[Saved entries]
******************************
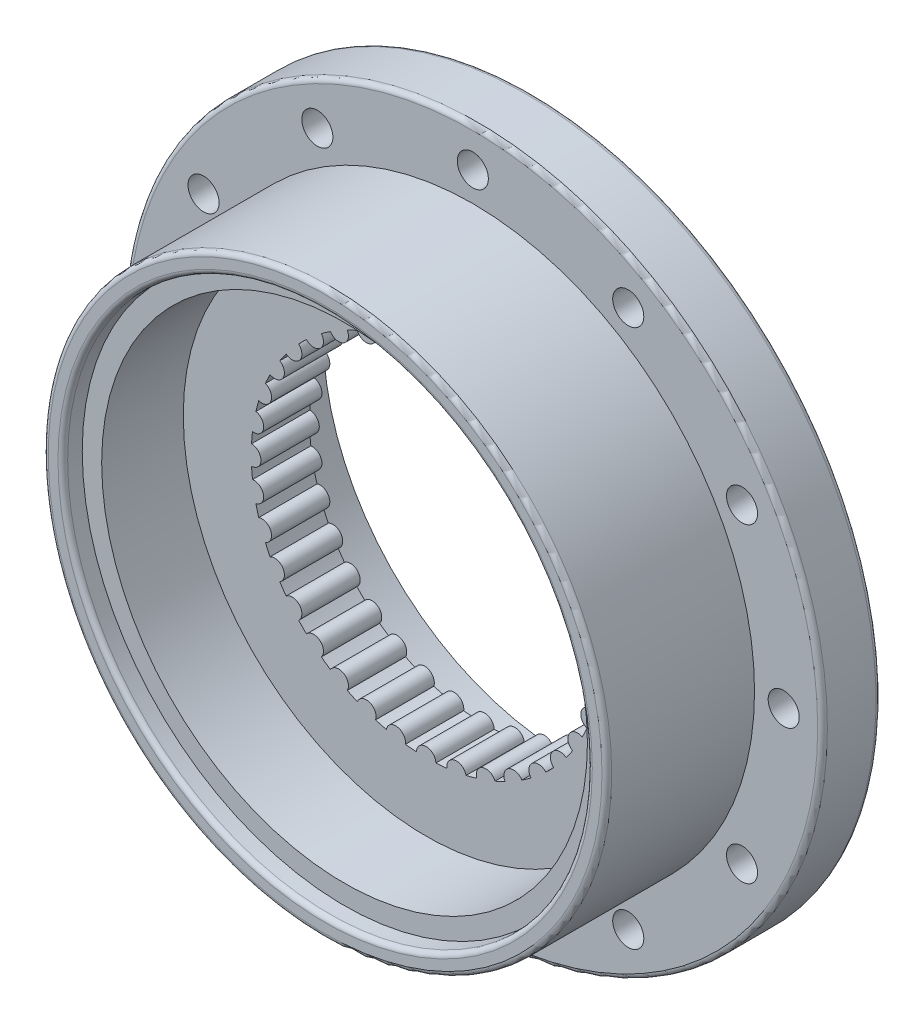
SolidWorks part; units mm, degrees
ref_plane "Plan de face" through (0, 0, 0) normal (0, 0, 1) x (1, 0, 0)
ref_plane "Plan de dessus" through (0, 0, 0) normal (0, 1, 0) x (1, 0, 0)
ref_plane "Plan de droite" through (0, 0, 0) normal (1, 0, 0) x (0, 0, -1)
sketch "Esquisse1" plane through (0, 0, 0) normal (1, 0, 0) x (0, 0, -1)
  line L0 (0, 125) -> (0, 145)
  line L2 (-48, 180) -> (-48, 145)
  line L3 (-48, 145) -> (-124, 145)
  line L4 (-124, 145) -> (-124, 135)
  line L5 (-124, 135) -> (-114, 135)
  line L6 (-114, 135) -> (-114, 125)
  line L7 (-114, 125) -> (-72, 125)
  line L8 (-72, 125) -> (-72, 90)
  line L9 (-72, 90) -> (-42, 90)
  line L10 (-42, 90) -> (-42, 125)
  line L11 (-42, 125) -> (0, 125)
  line L12 (0, 0) -> (-136.0654, 0) construction
  line L13 (0, 145) -> (-18, 145)
  line L14 (-18, 145) -> (-18, 180)
  line L15 (-18, 180) -> (-48, 180)
  dimension "D1" = 90
  dimension "D2" = 125
  dimension "D3" = 125
  dimension "D4" = 30
  dimension "D5" = 42
  dimension "D6" = 42
  dimension "D7" = 135
  dimension "D8" = 145
  dimension "D9" = 10
  dimension "D10" = 30
  dimension "D11" = 18
  dimension "D12" = 180
revolve "Révolution1" add sketch "Esquisse1" angle 360 about L12
sketch "Esquisse2" plane through (0, 0, 48) normal (0, 0, 1) x (1, 0, 0)
  line L0 (0, 0) -> (0, 160) construction
  circle A15 centre (0, 160) radius 8
  circle A17 centre (80, 138.5641) radius 8
  circle A18 centre (138.5641, 80) radius 8
  circle A19 centre (160, 0) radius 8
  circle A20 centre (138.5641, -80) radius 8
  circle A21 centre (80, -138.5641) radius 8
  circle A22 centre (0, -160) radius 8
  circle A23 centre (-80, -138.5641) radius 8
  circle A24 centre (-138.5641, -80) radius 8
  circle A25 centre (-160, 0) radius 8
  circle A26 centre (-138.5641, 80) radius 8
  circle A27 centre (-80, 138.5641) radius 8
  dimension "D1" = 16
  dimension "D3" = 12
  dimension "D4" = 160
extrude "Enlèv. mat.-Extru.1" cut sketch "Esquisse2" against normal through all both and the other way through all
sketch "Esquisse5" plane through (0, 0, 42) normal (0, 0, -1) x (-1, 0, 0)
  line L0 (0, 0) -> (0, 90) construction
  circle A0 centre (0, 90) radius 5
  circle A1 centre (0, 0) radius 90 construction
  circle A2 centre (15.6283, 88.6327) radius 5
  circle A3 centre (30.7818, 84.5723) radius 5
  circle A4 centre (45, 77.9423) radius 5
  circle A5 centre (57.8509, 68.944) radius 5
  circle A6 centre (68.944, 57.8509) radius 5
  circle A7 centre (77.9423, 45) radius 5
  circle A8 centre (84.5723, 30.7818) radius 5
  circle A9 centre (88.6327, 15.6283) radius 5
  circle A10 centre (90, 0) radius 5
  circle A11 centre (88.6327, -15.6283) radius 5
  circle A12 centre (84.5723, -30.7818) radius 5
  circle A13 centre (77.9423, -45) radius 5
  circle A14 centre (68.944, -57.8509) radius 5
  circle A15 centre (57.8509, -68.944) radius 5
  circle A16 centre (45, -77.9423) radius 5
  circle A17 centre (30.7818, -84.5723) radius 5
  circle A18 centre (15.6283, -88.6327) radius 5
  circle A19 centre (0, -90) radius 5
  circle A20 centre (-15.6283, -88.6327) radius 5
  circle A21 centre (-30.7818, -84.5723) radius 5
  circle A22 centre (-45, -77.9423) radius 5
  circle A23 centre (-57.8509, -68.944) radius 5
  circle A24 centre (-68.944, -57.8509) radius 5
  circle A25 centre (-77.9423, -45) radius 5
  circle A26 centre (-84.5723, -30.7818) radius 5
  circle A27 centre (-88.6327, -15.6283) radius 5
  circle A28 centre (-90, 0) radius 5
  circle A29 centre (-88.6327, 15.6283) radius 5
  circle A30 centre (-84.5723, 30.7818) radius 5
  circle A31 centre (-77.9423, 45) radius 5
  circle A32 centre (-68.944, 57.8509) radius 5
  circle A33 centre (-57.8509, 68.944) radius 5
  circle A34 centre (-45, 77.9423) radius 5
  circle A35 centre (-30.7818, 84.5723) radius 5
  circle A36 centre (-15.6283, 88.6327) radius 5
  dimension "D1" = 10
  dimension "D3" = 90
  dimension "D2" = 36
extrude "Boss.-Extru.1" add sketch "Esquisse5" against normal blind 30
fillet "Congé1" radius 2.5 5 edges at (-135, 0, 124) (-145, 0, 0) (-180, 0, 18) (-180, 0, 48) (-145, 0, 124)
******************************
EXERCISE DETAILS = All lines that contain the word "Extru" must be copied from the records above.

ANSWER SPACE =
extrude "Enlèv. mat.-Extru.1" cut sketch "Esquisse2" against normal through all both and the other way through all
extrude "Boss.-Extru.1" add sketch "Esquisse5" against normal blind 30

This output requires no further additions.